● **Goal of the exercise**
Restate the records that follow word for word. Omit the images.

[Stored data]
———

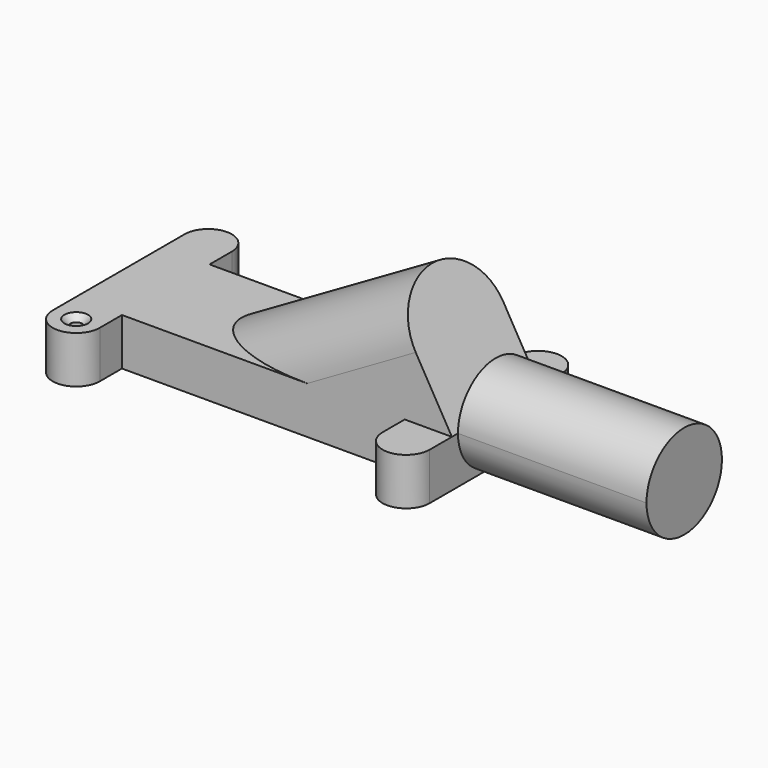
from build123d import *

# Parameters (mm, degrees)
F1_DEPTH        = 25.4
F6_DEPTH        = 101.6
F10_D           = 6.35
F10_CSINK_D     = 12.7
F10_CSINK_ANGLE = 90


with BuildPart() as f1:
    # F0 (on Top) → F1 (new body)
    with BuildSketch(Plane.XY):
        with BuildLine():
            Line((0, -59.0296), (0, 0))
            Line((0, 0), (-76.2, 0))
            Line((-76.2, 0), (-76.2, 14.9352))
            ThreePointArc((-76.2, 14.9352), (-88.9, 27.6352), (-101.6, 14.9352))
            Line((-101.6, 14.9352), (-101.6, -73.9648))
            ThreePointArc((-101.6, -73.9648), (-88.9, -86.6648), (-76.2, -73.9648))
            Line((-76.2, -73.9648), (-76.2, -59.0296))
            Line((-76.2, -59.0296), (0, -59.0296))
        make_face()
        with BuildLine():
            Line((76.2, 0), (0, 0))
            Line((0, 0), (0, -59.0296))
            Line((0, -59.0296), (76.2, -59.0296))
            Line((76.2, -59.0296), (76.2, -73.9648))
            ThreePointArc((76.2, -73.9648), (88.9, -86.6648), (101.6, -73.9648))
            Line((101.6, -73.9648), (101.6, 14.9352))
            ThreePointArc((101.6, 14.9352), (88.9, 27.6352), (76.2, 14.9352))
            Line((76.2, 14.9352), (76.2, 0))
        make_face()
    extrude(amount=F1_DEPTH)

    # F3 (on face) → F4 (join, up to the next surface of F1)
    with BuildSketch(Plane(origin=(87.1985226281, 0, 50.3440905122), x_dir=(0, 1, 0), z_dir=(0.8660254038, 0, 0.5))):
        with BuildLine():
            Line((-59.0296, 10.1618718698), (-59.0296, -28.8029547439))
            Line((-59.0296, -28.8029547439), (0, -28.8029547439))
            Line((0, -28.8029547439), (0, 10.1618718698))
            ThreePointArc((0, 10.1618718698), (-29.5148, 39.6766718698), (-59.0296, 10.1618718698))
        make_face()
    extrude(until=Until.NEXT, dir=(-0.8660254038, 0, -0.5))

    # F5 (on face) → F6 (join)
    with BuildSketch(Plane.YZ.offset(101.6)):
        with BuildLine():
            Line((-54.9148, 25.4), (-4.1148, 25.4))
            ThreePointArc((-4.1148, 25.4), (-29.5148, 50.8), (-54.9148, 25.4))
        make_face()
        with BuildLine():
            ThreePointArc((-29.5148, 0), (-11.5542877579, 7.4394877579), (-4.1148, 25.4))
            Line((-4.1148, 25.4), (-54.9148, 25.4))
            ThreePointArc((-54.9148, 25.4), (-47.4753122421, 7.4394877579), (-29.5148, 0))
        make_face()
    extrude(amount=F6_DEPTH)

    # F10 (through all)
    with Locations(Plane.XY.offset(25.4)):
        with Locations((-88.9, -73.9648)):
            CounterSinkHole(F10_D / 2, F10_CSINK_D / 2, counter_sink_angle=F10_CSINK_ANGLE)


solid = f1.part

———

● **Task solution**
from build123d import *

# Parameters (mm, degrees)
F1_DEPTH        = 25.4
F6_DEPTH        = 101.6
F10_D           = 6.35
F10_CSINK_D     = 12.7
F10_CSINK_ANGLE = 90


with BuildPart() as f1:
    # F0 (on Top) → F1 (new body)
    with BuildSketch(Plane.XY):
        with BuildLine():
            Line((0, -59.0296), (0, 0))
            Line((0, 0), (-76.2, 0))
            Line((-76.2, 0), (-76.2, 14.9352))
            ThreePointArc((-76.2, 14.9352), (-88.9, 27.6352), (-101.6, 14.9352))
            Line((-101.6, 14.9352), (-101.6, -73.9648))
            ThreePointArc((-101.6, -73.9648), (-88.9, -86.6648), (-76.2, -73.9648))
            Line((-76.2, -73.9648), (-76.2, -59.0296))
            Line((-76.2, -59.0296), (0, -59.0296))
        make_face()
        with BuildLine():
            Line((76.2, 0), (0, 0))
            Line((0, 0), (0, -59.0296))
            Line((0, -59.0296), (76.2, -59.0296))
            Line((76.2, -59.0296), (76.2, -73.9648))
            ThreePointArc((76.2, -73.9648), (88.9, -86.6648), (101.6, -73.9648))
            Line((101.6, -73.9648), (101.6, 14.9352))
            ThreePointArc((101.6, 14.9352), (88.9, 27.6352), (76.2, 14.9352))
            Line((76.2, 14.9352), (76.2, 0))
        make_face()
    extrude(amount=F1_DEPTH)

    # F3 (on face) → F4 (join, up to the next surface of F1)
    with BuildSketch(Plane(origin=(87.1985226281, 0, 50.3440905122), x_dir=(0, 1, 0), z_dir=(0.8660254038, 0, 0.5))):
        with BuildLine():
            Line((-59.0296, 10.1618718698), (-59.0296, -28.8029547439))
            Line((-59.0296, -28.8029547439), (0, -28.8029547439))
            Line((0, -28.8029547439), (0, 10.1618718698))
            ThreePointArc((0, 10.1618718698), (-29.5148, 39.6766718698), (-59.0296, 10.1618718698))
        make_face()
    extrude(until=Until.NEXT, dir=(-0.8660254038, 0, -0.5))

    # F5 (on face) → F6 (join)
    with BuildSketch(Plane.YZ.offset(101.6)):
        with BuildLine():
            Line((-54.9148, 25.4), (-4.1148, 25.4))
            ThreePointArc((-4.1148, 25.4), (-29.5148, 50.8), (-54.9148, 25.4))
        make_face()
        with BuildLine():
            ThreePointArc((-29.5148, 0), (-11.5542877579, 7.4394877579), (-4.1148, 25.4))
            Line((-4.1148, 25.4), (-54.9148, 25.4))
            ThreePointArc((-54.9148, 25.4), (-47.4753122421, 7.4394877579), (-29.5148, 0))
        make_face()
    extrude(amount=F6_DEPTH)

    # F10 (through all)
    with Locations(Plane.XY.offset(25.4)):
        with Locations((-88.9, -73.9648)):
            CounterSinkHole(F10_D / 2, F10_CSINK_D / 2, counter_sink_angle=F10_CSINK_ANGLE)


solid = f1.part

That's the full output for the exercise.